Work required>
Whatever the records say, give every one of them again exactly.

== Input data

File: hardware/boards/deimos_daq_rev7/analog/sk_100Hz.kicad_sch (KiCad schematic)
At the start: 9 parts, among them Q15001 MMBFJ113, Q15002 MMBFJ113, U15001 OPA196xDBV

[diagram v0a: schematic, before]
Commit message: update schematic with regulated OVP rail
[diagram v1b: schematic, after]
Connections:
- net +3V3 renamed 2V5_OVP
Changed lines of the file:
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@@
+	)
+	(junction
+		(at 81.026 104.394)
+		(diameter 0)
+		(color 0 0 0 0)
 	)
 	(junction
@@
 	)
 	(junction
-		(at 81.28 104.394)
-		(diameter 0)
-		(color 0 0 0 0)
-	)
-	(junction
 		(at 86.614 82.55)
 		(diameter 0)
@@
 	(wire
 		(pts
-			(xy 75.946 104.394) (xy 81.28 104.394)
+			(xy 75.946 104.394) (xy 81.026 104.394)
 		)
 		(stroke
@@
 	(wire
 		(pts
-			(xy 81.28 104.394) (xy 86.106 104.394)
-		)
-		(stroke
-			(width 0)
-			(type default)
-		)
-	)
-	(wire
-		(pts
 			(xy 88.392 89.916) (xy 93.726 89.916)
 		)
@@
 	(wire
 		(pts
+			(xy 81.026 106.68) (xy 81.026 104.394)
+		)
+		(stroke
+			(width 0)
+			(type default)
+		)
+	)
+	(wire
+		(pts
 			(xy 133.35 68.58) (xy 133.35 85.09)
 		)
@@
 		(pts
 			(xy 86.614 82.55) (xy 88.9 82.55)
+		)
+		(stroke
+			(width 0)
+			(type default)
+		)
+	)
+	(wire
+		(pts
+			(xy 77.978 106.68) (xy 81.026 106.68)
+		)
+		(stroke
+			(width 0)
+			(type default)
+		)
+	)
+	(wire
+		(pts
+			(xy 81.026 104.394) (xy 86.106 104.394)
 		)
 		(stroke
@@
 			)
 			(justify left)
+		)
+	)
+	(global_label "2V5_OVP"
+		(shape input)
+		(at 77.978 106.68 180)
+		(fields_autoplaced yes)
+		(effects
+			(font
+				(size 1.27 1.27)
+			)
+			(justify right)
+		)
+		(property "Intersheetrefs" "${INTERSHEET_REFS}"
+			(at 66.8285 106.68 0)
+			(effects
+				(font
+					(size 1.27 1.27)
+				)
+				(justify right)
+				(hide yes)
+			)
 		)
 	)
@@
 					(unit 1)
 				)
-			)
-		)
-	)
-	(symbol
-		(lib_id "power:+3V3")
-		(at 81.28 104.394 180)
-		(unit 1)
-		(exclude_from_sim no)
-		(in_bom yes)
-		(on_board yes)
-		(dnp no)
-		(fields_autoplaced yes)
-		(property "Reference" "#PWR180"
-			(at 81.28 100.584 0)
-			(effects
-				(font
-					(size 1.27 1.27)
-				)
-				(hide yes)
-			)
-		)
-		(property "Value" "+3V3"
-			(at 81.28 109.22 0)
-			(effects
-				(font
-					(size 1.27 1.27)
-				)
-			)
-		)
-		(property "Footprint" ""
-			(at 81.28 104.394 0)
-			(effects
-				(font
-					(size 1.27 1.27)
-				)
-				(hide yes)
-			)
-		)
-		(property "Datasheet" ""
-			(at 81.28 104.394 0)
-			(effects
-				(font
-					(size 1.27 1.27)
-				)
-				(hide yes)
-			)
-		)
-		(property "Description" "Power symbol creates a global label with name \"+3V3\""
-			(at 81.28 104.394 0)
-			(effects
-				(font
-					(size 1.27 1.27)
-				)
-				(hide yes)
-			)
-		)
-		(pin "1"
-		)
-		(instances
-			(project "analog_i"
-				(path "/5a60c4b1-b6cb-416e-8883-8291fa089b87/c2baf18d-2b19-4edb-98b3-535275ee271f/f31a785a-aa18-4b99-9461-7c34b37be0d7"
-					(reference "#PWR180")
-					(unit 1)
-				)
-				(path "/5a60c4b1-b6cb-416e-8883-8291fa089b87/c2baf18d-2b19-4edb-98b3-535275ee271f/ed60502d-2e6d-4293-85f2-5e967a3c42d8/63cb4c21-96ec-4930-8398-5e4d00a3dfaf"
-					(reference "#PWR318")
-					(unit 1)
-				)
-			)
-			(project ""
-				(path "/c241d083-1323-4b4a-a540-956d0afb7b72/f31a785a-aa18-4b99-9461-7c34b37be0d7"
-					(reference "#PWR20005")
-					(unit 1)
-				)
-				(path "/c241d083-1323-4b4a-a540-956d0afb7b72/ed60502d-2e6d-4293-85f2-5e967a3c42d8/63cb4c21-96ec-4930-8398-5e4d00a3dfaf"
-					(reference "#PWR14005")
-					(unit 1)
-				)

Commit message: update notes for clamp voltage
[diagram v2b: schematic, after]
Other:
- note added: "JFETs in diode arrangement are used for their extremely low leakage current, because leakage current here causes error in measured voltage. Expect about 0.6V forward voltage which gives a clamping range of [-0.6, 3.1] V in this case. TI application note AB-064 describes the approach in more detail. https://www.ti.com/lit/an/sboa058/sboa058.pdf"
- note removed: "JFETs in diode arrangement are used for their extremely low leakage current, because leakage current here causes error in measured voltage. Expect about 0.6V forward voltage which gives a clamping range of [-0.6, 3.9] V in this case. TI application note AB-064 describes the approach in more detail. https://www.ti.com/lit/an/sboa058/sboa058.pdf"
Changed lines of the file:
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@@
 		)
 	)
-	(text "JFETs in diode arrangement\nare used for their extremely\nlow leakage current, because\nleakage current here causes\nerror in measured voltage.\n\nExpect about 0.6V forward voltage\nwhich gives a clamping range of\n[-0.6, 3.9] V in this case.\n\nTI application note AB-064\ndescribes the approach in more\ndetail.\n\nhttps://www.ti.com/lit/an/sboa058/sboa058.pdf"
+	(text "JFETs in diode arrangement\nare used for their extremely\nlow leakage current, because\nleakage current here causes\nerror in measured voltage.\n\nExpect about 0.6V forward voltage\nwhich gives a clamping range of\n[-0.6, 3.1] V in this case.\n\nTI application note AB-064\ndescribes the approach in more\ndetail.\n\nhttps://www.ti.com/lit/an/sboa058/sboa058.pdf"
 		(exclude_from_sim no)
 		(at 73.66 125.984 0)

====

Completed task>
File: hardware/boards/deimos_daq_rev7/analog/sk_100Hz.kicad_sch (KiCad schematic)
At the start: 9 parts, among them Q15001 MMBFJ113, Q15002 MMBFJ113, U15001 OPA196xDBV

[diagram v0a: schematic, before]
Commit message: update schematic with regulated OVP rail
[diagram v1b: schematic, after]
Connections:
- net +3V3 renamed 2V5_OVP
Changed lines of the file:
@@
+	)
+	(junction
+		(at 81.026 104.394)
+		(diameter 0)
+		(color 0 0 0 0)
 	)
 	(junction
@@
 	)
 	(junction
-		(at 81.28 104.394)
-		(diameter 0)
-		(color 0 0 0 0)
-	)
-	(junction
 		(at 86.614 82.55)
 		(diameter 0)
@@
 	(wire
 		(pts
-			(xy 75.946 104.394) (xy 81.28 104.394)
+			(xy 75.946 104.394) (xy 81.026 104.394)
 		)
 		(stroke
@@
 	(wire
 		(pts
-			(xy 81.28 104.394) (xy 86.106 104.394)
-		)
-		(stroke
-			(width 0)
-			(type default)
-		)
-	)
-	(wire
-		(pts
 			(xy 88.392 89.916) (xy 93.726 89.916)
 		)
@@
 	(wire
 		(pts
+			(xy 81.026 106.68) (xy 81.026 104.394)
+		)
+		(stroke
+			(width 0)
+			(type default)
+		)
+	)
+	(wire
+		(pts
 			(xy 133.35 68.58) (xy 133.35 85.09)
 		)
@@
 		(pts
 			(xy 86.614 82.55) (xy 88.9 82.55)
+		)
+		(stroke
+			(width 0)
+			(type default)
+		)
+	)
+	(wire
+		(pts
+			(xy 77.978 106.68) (xy 81.026 106.68)
+		)
+		(stroke
+			(width 0)
+			(type default)
+		)
+	)
+	(wire
+		(pts
+			(xy 81.026 104.394) (xy 86.106 104.394)
 		)
 		(stroke
@@
 			)
 			(justify left)
+		)
+	)
+	(global_label "2V5_OVP"
+		(shape input)
+		(at 77.978 106.68 180)
+		(fields_autoplaced yes)
+		(effects
+			(font
+				(size 1.27 1.27)
+			)
+			(justify right)
+		)
+		(property "Intersheetrefs" "${INTERSHEET_REFS}"
+			(at 66.8285 106.68 0)
+			(effects
+				(font
+					(size 1.27 1.27)
+				)
+				(justify right)
+				(hide yes)
+			)
 		)
 	)
@@
 					(unit 1)
 				)
-			)
-		)
-	)
-	(symbol
-		(lib_id "power:+3V3")
-		(at 81.28 104.394 180)
-		(unit 1)
-		(exclude_from_sim no)
-		(in_bom yes)
-		(on_board yes)
-		(dnp no)
-		(fields_autoplaced yes)
-		(property "Reference" "#PWR180"
-			(at 81.28 100.584 0)
-			(effects
-				(font
-					(size 1.27 1.27)
-				)
-				(hide yes)
-			)
-		)
-		(property "Value" "+3V3"
-			(at 81.28 109.22 0)
-			(effects
-				(font
-					(size 1.27 1.27)
-				)
-			)
-		)
-		(property "Footprint" ""
-			(at 81.28 104.394 0)
-			(effects
-				(font
-					(size 1.27 1.27)
-				)
-				(hide yes)
-			)
-		)
-		(property "Datasheet" ""
-			(at 81.28 104.394 0)
-			(effects
-				(font
-					(size 1.27 1.27)
-				)
-				(hide yes)
-			)
-		)
-		(property "Description" "Power symbol creates a global label with name \"+3V3\""
-			(at 81.28 104.394 0)
-			(effects
-				(font
-					(size 1.27 1.27)
-				)
-				(hide yes)
-			)
-		)
-		(pin "1"
-		)
-		(instances
-			(project "analog_i"
-				(path "/5a60c4b1-b6cb-416e-8883-8291fa089b87/c2baf18d-2b19-4edb-98b3-535275ee271f/f31a785a-aa18-4b99-9461-7c34b37be0d7"
-					(reference "#PWR180")
-					(unit 1)
-				)
-				(path "/5a60c4b1-b6cb-416e-8883-8291fa089b87/c2baf18d-2b19-4edb-98b3-535275ee271f/ed60502d-2e6d-4293-85f2-5e967a3c42d8/63cb4c21-96ec-4930-8398-5e4d00a3dfaf"
-					(reference "#PWR318")
-					(unit 1)
-				)
-			)
-			(project ""
-				(path "/c241d083-1323-4b4a-a540-956d0afb7b72/f31a785a-aa18-4b99-9461-7c34b37be0d7"
-					(reference "#PWR20005")
-					(unit 1)
-				)
-				(path "/c241d083-1323-4b4a-a540-956d0afb7b72/ed60502d-2e6d-4293-85f2-5e967a3c42d8/63cb4c21-96ec-4930-8398-5e4d00a3dfaf"
-					(reference "#PWR14005")
-					(unit 1)
-				)

Commit message: update notes for clamp voltage
[diagram v2b: schematic, after]
Other:
- note added: "JFETs in diode arrangement are used for their extremely low leakage current, because leakage current here causes error in measured voltage. Expect about 0.6V forward voltage which gives a clamping range of [-0.6, 3.1] V in this case. TI application note AB-064 describes the approach in more detail. https://www.ti.com/lit/an/sboa058/sboa058.pdf"
- note removed: "JFETs in diode arrangement are used for their extremely low leakage current, because leakage current here causes error in measured voltage. Expect about 0.6V forward voltage which gives a clamping range of [-0.6, 3.9] V in this case. TI application note AB-064 describes the approach in more detail. https://www.ti.com/lit/an/sboa058/sboa058.pdf"
Changed lines of the file:
@@
 		)
 	)
-	(text "JFETs in diode arrangement\nare used for their extremely\nlow leakage current, because\nleakage current here causes\nerror in measured voltage.\n\nExpect about 0.6V forward voltage\nwhich gives a clamping range of\n[-0.6, 3.9] V in this case.\n\nTI application note AB-064\ndescribes the approach in more\ndetail.\n\nhttps://www.ti.com/lit/an/sboa058/sboa058.pdf"
+	(text "JFETs in diode arrangement\nare used for their extremely\nlow leakage current, because\nleakage current here causes\nerror in measured voltage.\n\nExpect about 0.6V forward voltage\nwhich gives a clamping range of\n[-0.6, 3.1] V in this case.\n\nTI application note AB-064\ndescribes the approach in more\ndetail.\n\nhttps://www.ti.com/lit/an/sboa058/sboa058.pdf"
 		(exclude_from_sim no)
 		(at 73.66 125.984 0)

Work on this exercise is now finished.